From the records below, output exactly the lines running from the line containing "- net D5: track 112.8 -> 88.8 mm, vias 2 -> 1" through the line containing "(thickness 1.6)", and no others.

· · ·

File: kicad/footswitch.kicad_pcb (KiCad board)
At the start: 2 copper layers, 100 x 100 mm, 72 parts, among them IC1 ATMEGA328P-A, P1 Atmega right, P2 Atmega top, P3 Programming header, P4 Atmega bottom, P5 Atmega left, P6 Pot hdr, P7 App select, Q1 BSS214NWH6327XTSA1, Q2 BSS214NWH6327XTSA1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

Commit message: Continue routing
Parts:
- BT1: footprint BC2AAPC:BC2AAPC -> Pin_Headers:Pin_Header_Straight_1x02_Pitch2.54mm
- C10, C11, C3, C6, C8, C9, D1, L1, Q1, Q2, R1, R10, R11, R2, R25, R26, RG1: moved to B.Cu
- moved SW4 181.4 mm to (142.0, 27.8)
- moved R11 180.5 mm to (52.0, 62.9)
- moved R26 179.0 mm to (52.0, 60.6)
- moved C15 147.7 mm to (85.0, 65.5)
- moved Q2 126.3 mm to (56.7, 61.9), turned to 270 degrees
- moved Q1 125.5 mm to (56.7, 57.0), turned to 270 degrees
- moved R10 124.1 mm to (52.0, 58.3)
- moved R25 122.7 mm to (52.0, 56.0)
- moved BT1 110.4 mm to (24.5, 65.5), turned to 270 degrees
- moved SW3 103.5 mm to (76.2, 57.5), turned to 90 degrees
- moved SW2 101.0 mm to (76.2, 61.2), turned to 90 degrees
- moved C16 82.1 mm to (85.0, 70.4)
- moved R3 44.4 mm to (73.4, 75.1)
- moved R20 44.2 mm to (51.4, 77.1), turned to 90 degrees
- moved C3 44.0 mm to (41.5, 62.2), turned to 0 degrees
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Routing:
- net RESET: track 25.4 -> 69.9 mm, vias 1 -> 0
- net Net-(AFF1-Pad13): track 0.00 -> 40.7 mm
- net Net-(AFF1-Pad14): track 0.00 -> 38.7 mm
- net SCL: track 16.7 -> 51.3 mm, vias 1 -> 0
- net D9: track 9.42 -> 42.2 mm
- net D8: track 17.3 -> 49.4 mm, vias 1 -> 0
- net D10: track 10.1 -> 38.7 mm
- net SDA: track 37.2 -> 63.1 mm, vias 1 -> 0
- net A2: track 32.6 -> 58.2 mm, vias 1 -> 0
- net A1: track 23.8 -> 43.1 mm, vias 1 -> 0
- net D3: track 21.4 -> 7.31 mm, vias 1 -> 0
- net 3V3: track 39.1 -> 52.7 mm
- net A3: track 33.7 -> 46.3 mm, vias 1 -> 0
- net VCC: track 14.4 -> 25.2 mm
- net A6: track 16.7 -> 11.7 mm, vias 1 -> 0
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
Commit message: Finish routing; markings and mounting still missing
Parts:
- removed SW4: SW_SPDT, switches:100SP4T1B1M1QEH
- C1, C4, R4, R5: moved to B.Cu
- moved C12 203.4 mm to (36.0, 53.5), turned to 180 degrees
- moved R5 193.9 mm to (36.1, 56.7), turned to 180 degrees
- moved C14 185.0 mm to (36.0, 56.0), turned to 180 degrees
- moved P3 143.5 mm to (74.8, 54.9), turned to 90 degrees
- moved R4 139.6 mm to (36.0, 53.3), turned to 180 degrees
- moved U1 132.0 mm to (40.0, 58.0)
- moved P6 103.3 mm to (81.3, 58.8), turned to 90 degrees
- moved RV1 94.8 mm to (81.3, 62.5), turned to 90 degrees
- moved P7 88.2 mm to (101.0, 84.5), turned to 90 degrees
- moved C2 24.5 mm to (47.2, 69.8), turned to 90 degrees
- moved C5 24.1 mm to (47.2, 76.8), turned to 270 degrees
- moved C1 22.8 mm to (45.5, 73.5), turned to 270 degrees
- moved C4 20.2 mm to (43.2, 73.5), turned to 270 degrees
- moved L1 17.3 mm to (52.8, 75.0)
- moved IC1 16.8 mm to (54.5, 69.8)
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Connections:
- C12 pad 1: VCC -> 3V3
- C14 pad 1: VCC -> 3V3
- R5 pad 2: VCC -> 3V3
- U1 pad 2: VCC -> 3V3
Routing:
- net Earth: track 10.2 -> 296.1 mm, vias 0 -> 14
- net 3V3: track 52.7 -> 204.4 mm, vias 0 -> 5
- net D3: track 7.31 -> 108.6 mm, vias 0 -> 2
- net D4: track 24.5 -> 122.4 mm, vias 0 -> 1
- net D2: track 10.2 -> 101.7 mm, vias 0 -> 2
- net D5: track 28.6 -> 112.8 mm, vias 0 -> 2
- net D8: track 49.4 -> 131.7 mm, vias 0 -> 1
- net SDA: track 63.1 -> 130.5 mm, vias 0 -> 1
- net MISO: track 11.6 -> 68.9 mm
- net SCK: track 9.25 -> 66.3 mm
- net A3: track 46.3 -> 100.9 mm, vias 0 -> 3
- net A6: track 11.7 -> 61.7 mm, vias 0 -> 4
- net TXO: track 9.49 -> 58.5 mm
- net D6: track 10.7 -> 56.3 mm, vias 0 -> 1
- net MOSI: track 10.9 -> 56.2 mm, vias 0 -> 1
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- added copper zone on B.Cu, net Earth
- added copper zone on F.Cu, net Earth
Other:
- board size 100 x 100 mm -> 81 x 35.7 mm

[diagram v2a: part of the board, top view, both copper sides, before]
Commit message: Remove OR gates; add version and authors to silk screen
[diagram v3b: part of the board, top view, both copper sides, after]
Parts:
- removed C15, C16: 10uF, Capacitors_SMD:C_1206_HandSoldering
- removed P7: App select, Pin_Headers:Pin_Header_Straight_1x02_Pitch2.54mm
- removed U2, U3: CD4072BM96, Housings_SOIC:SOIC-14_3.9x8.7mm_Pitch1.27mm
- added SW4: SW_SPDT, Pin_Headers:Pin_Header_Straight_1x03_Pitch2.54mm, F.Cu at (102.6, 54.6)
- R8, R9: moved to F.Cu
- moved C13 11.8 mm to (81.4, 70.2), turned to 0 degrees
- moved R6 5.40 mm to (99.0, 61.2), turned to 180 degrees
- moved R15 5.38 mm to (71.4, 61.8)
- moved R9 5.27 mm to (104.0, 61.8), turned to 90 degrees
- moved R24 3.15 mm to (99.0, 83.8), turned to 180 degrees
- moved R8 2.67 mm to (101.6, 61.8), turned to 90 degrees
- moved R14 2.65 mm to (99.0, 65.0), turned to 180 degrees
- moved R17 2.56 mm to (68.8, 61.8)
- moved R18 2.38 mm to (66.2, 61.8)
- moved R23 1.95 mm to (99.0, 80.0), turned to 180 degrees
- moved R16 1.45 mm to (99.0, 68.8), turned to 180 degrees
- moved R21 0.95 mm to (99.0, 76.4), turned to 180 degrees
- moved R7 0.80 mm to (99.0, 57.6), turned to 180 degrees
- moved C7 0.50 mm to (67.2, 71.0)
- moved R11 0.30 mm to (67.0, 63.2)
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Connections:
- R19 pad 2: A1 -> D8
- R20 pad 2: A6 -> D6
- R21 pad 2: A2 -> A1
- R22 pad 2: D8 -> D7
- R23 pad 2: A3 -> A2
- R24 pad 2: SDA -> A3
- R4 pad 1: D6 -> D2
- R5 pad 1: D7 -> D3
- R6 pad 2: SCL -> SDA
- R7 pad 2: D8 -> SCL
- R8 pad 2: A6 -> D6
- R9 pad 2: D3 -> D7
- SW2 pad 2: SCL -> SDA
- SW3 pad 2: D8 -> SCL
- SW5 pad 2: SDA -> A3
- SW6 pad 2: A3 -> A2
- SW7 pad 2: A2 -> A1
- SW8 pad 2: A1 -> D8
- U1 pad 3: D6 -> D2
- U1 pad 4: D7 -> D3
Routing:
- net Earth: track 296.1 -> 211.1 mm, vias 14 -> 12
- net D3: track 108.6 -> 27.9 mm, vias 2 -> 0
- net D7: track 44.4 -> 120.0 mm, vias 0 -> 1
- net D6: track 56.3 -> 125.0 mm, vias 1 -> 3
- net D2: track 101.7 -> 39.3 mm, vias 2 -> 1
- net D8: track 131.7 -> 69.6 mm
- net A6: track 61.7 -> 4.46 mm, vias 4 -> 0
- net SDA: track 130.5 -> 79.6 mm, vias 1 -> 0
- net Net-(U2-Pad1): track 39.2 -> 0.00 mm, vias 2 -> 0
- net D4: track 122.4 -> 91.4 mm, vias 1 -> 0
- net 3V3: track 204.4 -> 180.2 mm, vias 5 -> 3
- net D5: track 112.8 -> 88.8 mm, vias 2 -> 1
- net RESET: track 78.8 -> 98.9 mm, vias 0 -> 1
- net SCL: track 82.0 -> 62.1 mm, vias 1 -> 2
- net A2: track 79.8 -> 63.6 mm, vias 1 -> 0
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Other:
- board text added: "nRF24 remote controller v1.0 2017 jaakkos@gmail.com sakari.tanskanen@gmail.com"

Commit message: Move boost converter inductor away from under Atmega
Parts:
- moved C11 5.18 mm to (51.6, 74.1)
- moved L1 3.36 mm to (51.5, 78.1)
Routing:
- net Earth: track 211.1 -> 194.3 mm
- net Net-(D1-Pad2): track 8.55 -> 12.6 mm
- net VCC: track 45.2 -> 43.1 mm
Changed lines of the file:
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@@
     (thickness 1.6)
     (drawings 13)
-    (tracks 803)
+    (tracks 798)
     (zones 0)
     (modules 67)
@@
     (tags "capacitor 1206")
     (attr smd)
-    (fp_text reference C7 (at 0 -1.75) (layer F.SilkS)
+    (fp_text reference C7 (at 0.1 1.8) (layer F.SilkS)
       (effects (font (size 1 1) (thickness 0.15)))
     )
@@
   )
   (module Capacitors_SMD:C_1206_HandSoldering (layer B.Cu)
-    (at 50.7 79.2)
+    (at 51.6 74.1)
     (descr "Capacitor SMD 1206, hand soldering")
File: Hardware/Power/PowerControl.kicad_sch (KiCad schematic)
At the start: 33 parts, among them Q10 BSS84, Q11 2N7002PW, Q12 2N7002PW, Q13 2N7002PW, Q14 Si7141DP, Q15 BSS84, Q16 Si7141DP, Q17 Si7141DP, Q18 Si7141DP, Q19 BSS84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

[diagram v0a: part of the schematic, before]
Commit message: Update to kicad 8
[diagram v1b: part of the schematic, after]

· · ·

=== RESPONSE BOX ===
- net D5: track 112.8 -> 88.8 mm, vias 2 -> 1
- net RESET: track 78.8 -> 98.9 mm, vias 0 -> 1
- net SCL: track 82.0 -> 62.1 mm, vias 1 -> 2
- net A2: track 79.8 -> 63.6 mm, vias 1 -> 0
Other:
- board text added: "nRF24 remote controller v1.0 2017 jaakkos@gmail.com sakari.tanskanen@gmail.com"

Commit message: Move boost converter inductor away from under Atmega
Parts:
- moved C11 5.18 mm to (51.6, 74.1)
- moved L1 3.36 mm to (51.5, 78.1)
Routing:
- net Earth: track 211.1 -> 194.3 mm
- net Net-(D1-Pad2): track 8.55 -> 12.6 mm
- net VCC: track 45.2 -> 43.1 mm
Changed lines of the file:
@@
     (thickness 1.6)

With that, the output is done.